EXCERPTED RECORDS
- - - - -
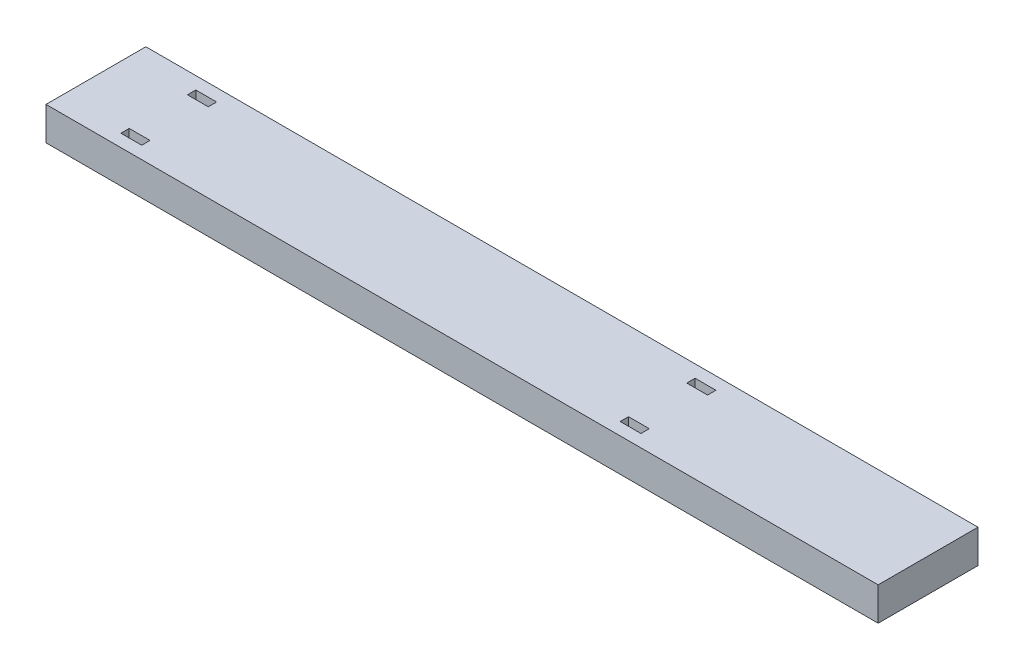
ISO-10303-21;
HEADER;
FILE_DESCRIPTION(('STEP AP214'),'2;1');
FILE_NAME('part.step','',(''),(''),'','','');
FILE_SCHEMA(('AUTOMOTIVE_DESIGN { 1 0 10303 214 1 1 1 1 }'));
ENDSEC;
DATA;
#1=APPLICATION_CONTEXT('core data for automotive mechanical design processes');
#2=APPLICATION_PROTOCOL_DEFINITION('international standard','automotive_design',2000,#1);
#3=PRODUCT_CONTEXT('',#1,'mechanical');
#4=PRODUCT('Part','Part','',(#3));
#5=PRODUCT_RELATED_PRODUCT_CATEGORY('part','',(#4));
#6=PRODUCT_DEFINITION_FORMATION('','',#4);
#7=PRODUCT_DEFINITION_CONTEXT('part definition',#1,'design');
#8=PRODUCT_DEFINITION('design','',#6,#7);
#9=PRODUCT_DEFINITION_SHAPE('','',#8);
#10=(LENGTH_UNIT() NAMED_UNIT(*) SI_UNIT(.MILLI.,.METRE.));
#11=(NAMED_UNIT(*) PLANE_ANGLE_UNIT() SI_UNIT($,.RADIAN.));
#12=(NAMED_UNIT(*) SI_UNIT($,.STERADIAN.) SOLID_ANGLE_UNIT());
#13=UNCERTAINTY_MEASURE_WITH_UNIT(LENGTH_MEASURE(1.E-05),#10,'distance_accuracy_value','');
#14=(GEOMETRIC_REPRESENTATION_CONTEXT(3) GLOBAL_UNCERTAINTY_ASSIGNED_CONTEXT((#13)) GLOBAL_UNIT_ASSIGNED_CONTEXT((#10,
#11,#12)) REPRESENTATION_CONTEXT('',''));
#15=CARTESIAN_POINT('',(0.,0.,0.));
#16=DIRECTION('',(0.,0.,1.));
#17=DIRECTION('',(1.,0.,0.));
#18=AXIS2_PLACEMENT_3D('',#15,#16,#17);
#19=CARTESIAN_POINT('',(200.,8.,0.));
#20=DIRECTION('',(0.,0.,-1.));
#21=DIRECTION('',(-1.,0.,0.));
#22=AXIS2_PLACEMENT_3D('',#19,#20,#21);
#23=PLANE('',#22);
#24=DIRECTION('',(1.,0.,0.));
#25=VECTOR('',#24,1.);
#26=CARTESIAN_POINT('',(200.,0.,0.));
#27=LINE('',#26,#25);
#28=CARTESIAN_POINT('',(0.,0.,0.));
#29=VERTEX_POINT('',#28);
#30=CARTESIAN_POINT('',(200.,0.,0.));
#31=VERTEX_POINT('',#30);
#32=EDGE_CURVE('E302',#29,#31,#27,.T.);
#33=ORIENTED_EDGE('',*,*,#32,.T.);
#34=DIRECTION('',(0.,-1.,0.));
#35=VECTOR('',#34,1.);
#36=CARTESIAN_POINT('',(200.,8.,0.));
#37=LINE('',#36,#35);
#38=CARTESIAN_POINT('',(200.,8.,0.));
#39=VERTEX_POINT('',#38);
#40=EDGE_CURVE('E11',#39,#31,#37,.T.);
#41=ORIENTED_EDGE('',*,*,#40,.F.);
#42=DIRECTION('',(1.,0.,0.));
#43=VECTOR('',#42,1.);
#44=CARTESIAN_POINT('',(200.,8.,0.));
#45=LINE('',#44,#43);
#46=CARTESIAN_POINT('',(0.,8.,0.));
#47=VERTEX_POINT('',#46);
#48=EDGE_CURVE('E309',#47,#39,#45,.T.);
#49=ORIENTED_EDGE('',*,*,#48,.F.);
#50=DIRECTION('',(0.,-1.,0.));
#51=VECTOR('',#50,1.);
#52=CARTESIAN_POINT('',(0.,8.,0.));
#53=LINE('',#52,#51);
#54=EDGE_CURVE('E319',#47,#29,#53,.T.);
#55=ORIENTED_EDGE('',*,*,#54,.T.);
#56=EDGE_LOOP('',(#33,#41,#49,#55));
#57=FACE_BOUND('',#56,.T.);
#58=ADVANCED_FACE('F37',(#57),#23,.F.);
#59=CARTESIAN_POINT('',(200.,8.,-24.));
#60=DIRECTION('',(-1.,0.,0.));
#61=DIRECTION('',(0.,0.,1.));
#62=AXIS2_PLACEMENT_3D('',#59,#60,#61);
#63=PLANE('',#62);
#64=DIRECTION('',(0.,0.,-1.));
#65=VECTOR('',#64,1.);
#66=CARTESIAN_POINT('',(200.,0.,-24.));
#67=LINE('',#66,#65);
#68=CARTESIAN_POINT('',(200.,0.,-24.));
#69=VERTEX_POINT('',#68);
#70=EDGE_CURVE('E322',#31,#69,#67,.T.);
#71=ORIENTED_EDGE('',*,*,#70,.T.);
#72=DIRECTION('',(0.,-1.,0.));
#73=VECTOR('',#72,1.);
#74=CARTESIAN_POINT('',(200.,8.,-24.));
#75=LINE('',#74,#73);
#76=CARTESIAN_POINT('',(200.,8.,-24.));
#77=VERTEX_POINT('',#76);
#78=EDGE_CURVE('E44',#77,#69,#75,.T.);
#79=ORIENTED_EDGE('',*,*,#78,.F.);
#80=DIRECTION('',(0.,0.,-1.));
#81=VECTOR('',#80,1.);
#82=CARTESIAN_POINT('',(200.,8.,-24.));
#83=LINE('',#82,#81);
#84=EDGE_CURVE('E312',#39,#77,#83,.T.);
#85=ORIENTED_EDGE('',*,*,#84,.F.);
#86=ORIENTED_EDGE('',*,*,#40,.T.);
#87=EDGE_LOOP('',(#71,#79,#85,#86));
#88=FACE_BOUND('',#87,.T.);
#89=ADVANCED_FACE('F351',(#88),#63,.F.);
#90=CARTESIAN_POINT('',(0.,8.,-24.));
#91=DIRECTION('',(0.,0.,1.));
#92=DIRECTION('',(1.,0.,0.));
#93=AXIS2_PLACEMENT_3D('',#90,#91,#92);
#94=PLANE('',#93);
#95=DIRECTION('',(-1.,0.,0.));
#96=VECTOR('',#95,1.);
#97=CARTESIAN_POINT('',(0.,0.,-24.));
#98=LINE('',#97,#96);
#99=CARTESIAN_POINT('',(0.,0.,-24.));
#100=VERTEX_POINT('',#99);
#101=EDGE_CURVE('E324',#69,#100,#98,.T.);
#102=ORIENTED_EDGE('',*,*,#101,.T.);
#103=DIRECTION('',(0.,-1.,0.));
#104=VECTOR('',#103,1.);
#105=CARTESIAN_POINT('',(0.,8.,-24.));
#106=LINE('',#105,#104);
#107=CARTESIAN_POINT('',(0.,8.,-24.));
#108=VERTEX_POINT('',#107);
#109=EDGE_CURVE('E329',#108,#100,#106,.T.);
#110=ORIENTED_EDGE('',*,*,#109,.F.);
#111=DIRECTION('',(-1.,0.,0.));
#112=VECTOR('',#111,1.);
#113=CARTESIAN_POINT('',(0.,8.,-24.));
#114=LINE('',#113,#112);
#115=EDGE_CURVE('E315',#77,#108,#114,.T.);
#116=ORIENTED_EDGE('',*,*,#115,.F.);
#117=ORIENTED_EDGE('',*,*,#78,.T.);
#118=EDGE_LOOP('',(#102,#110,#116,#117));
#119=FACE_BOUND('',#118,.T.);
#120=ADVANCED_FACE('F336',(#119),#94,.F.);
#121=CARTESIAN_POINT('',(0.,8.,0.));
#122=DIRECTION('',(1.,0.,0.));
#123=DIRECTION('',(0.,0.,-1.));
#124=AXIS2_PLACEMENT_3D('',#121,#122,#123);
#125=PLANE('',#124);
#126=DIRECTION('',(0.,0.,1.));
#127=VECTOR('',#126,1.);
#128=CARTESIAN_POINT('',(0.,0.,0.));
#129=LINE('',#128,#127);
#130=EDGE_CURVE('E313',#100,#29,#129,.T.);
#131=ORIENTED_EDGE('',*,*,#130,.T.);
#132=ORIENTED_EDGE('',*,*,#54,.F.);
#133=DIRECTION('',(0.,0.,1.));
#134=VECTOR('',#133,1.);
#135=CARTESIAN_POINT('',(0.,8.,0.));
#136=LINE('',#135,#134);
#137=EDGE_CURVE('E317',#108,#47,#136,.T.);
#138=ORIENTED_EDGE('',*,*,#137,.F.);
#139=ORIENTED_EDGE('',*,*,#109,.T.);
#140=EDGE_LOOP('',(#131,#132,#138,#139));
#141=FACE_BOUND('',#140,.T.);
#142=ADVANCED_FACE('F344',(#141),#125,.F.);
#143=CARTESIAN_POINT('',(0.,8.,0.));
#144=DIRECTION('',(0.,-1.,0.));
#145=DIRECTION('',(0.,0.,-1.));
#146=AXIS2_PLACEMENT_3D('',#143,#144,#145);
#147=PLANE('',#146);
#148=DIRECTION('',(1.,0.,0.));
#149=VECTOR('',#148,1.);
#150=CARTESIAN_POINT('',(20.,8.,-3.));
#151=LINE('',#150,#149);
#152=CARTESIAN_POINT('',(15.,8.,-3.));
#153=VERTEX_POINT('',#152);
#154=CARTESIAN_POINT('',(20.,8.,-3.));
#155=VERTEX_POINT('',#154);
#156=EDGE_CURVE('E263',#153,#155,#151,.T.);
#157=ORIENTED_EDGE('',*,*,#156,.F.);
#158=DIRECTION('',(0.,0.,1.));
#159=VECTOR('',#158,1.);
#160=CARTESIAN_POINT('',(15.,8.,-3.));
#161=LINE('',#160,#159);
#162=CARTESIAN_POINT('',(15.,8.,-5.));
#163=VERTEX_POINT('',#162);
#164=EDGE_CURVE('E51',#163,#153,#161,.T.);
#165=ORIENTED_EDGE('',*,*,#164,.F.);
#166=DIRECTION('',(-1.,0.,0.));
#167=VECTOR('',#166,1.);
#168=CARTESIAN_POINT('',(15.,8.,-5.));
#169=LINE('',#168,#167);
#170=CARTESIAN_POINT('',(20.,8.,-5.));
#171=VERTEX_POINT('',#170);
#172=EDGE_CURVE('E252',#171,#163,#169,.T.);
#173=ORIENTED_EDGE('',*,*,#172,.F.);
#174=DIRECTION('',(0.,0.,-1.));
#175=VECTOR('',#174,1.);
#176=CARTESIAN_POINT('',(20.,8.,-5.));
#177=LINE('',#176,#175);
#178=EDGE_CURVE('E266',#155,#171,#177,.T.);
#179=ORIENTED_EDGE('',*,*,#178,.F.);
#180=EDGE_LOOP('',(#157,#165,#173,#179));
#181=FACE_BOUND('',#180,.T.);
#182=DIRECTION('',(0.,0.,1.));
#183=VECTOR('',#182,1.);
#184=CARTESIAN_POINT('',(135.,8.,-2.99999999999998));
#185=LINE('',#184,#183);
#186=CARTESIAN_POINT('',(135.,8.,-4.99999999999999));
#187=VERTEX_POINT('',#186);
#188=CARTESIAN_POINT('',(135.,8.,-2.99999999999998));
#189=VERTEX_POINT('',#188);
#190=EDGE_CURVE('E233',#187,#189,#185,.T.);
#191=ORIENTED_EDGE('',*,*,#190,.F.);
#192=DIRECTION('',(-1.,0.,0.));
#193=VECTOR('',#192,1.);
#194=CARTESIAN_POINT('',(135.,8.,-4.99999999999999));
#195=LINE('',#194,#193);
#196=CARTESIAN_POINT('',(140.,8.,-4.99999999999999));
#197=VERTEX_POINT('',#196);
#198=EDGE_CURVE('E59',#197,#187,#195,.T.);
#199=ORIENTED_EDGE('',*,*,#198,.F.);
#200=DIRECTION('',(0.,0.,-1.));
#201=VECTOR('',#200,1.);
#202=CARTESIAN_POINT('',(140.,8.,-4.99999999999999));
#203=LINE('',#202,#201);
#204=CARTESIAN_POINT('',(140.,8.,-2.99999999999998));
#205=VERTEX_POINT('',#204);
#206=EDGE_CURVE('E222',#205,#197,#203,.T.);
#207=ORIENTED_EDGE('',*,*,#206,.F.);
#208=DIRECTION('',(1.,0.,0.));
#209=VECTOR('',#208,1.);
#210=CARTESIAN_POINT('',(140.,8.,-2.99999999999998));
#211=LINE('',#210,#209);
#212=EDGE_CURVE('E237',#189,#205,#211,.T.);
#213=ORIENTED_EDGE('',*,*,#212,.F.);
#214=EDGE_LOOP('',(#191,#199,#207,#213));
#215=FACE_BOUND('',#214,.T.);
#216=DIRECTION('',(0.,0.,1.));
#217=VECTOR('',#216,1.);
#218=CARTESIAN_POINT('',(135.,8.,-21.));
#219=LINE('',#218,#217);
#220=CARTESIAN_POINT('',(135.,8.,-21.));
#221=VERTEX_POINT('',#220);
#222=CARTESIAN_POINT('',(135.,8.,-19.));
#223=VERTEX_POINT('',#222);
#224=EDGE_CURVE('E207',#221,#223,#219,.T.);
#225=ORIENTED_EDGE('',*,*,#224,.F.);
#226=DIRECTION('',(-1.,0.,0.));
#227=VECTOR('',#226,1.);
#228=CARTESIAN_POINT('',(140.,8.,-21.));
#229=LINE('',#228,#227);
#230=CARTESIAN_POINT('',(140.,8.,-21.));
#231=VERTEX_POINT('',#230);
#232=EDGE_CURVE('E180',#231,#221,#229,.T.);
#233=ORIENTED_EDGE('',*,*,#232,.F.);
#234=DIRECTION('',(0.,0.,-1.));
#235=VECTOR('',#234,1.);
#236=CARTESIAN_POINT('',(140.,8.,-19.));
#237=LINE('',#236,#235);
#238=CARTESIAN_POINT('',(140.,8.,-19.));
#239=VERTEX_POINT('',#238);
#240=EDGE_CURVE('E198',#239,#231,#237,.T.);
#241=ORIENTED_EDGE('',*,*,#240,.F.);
- - - - -
HOW TO COMPLETE THIS TASK
In the listing above, transcribe exactly everything from the line containing "#112=VECTOR('',#111,1.);" down to the line containing "#164=EDGE_CURVE('E51',#163,#153,#161,.T.);", including both and nothing more.

RESPONSE AREA
#112=VECTOR('',#111,1.);
#113=CARTESIAN_POINT('',(0.,8.,-24.));
#114=LINE('',#113,#112);
#115=EDGE_CURVE('E315',#77,#108,#114,.T.);
#116=ORIENTED_EDGE('',*,*,#115,.F.);
#117=ORIENTED_EDGE('',*,*,#78,.T.);
#118=EDGE_LOOP('',(#102,#110,#116,#117));
#119=FACE_BOUND('',#118,.T.);
#120=ADVANCED_FACE('F336',(#119),#94,.F.);
#121=CARTESIAN_POINT('',(0.,8.,0.));
#122=DIRECTION('',(1.,0.,0.));
#123=DIRECTION('',(0.,0.,-1.));
#124=AXIS2_PLACEMENT_3D('',#121,#122,#123);
#125=PLANE('',#124);
#126=DIRECTION('',(0.,0.,1.));
#127=VECTOR('',#126,1.);
#128=CARTESIAN_POINT('',(0.,0.,0.));
#129=LINE('',#128,#127);
#130=EDGE_CURVE('E313',#100,#29,#129,.T.);
#131=ORIENTED_EDGE('',*,*,#130,.T.);
#132=ORIENTED_EDGE('',*,*,#54,.F.);
#133=DIRECTION('',(0.,0.,1.));
#134=VECTOR('',#133,1.);
#135=CARTESIAN_POINT('',(0.,8.,0.));
#136=LINE('',#135,#134);
#137=EDGE_CURVE('E317',#108,#47,#136,.T.);
#138=ORIENTED_EDGE('',*,*,#137,.F.);
#139=ORIENTED_EDGE('',*,*,#109,.T.);
#140=EDGE_LOOP('',(#131,#132,#138,#139));
#141=FACE_BOUND('',#140,.T.);
#142=ADVANCED_FACE('F344',(#141),#125,.F.);
#143=CARTESIAN_POINT('',(0.,8.,0.));
#144=DIRECTION('',(0.,-1.,0.));
#145=DIRECTION('',(0.,0.,-1.));
#146=AXIS2_PLACEMENT_3D('',#143,#144,#145);
#147=PLANE('',#146);
#148=DIRECTION('',(1.,0.,0.));
#149=VECTOR('',#148,1.);
#150=CARTESIAN_POINT('',(20.,8.,-3.));
#151=LINE('',#150,#149);
#152=CARTESIAN_POINT('',(15.,8.,-3.));
#153=VERTEX_POINT('',#152);
#154=CARTESIAN_POINT('',(20.,8.,-3.));
#155=VERTEX_POINT('',#154);
#156=EDGE_CURVE('E263',#153,#155,#151,.T.);
#157=ORIENTED_EDGE('',*,*,#156,.F.);
#158=DIRECTION('',(0.,0.,1.));
#159=VECTOR('',#158,1.);
#160=CARTESIAN_POINT('',(15.,8.,-3.));
#161=LINE('',#160,#159);
#162=CARTESIAN_POINT('',(15.,8.,-5.));
#163=VERTEX_POINT('',#162);
#164=EDGE_CURVE('E51',#163,#153,#161,.T.);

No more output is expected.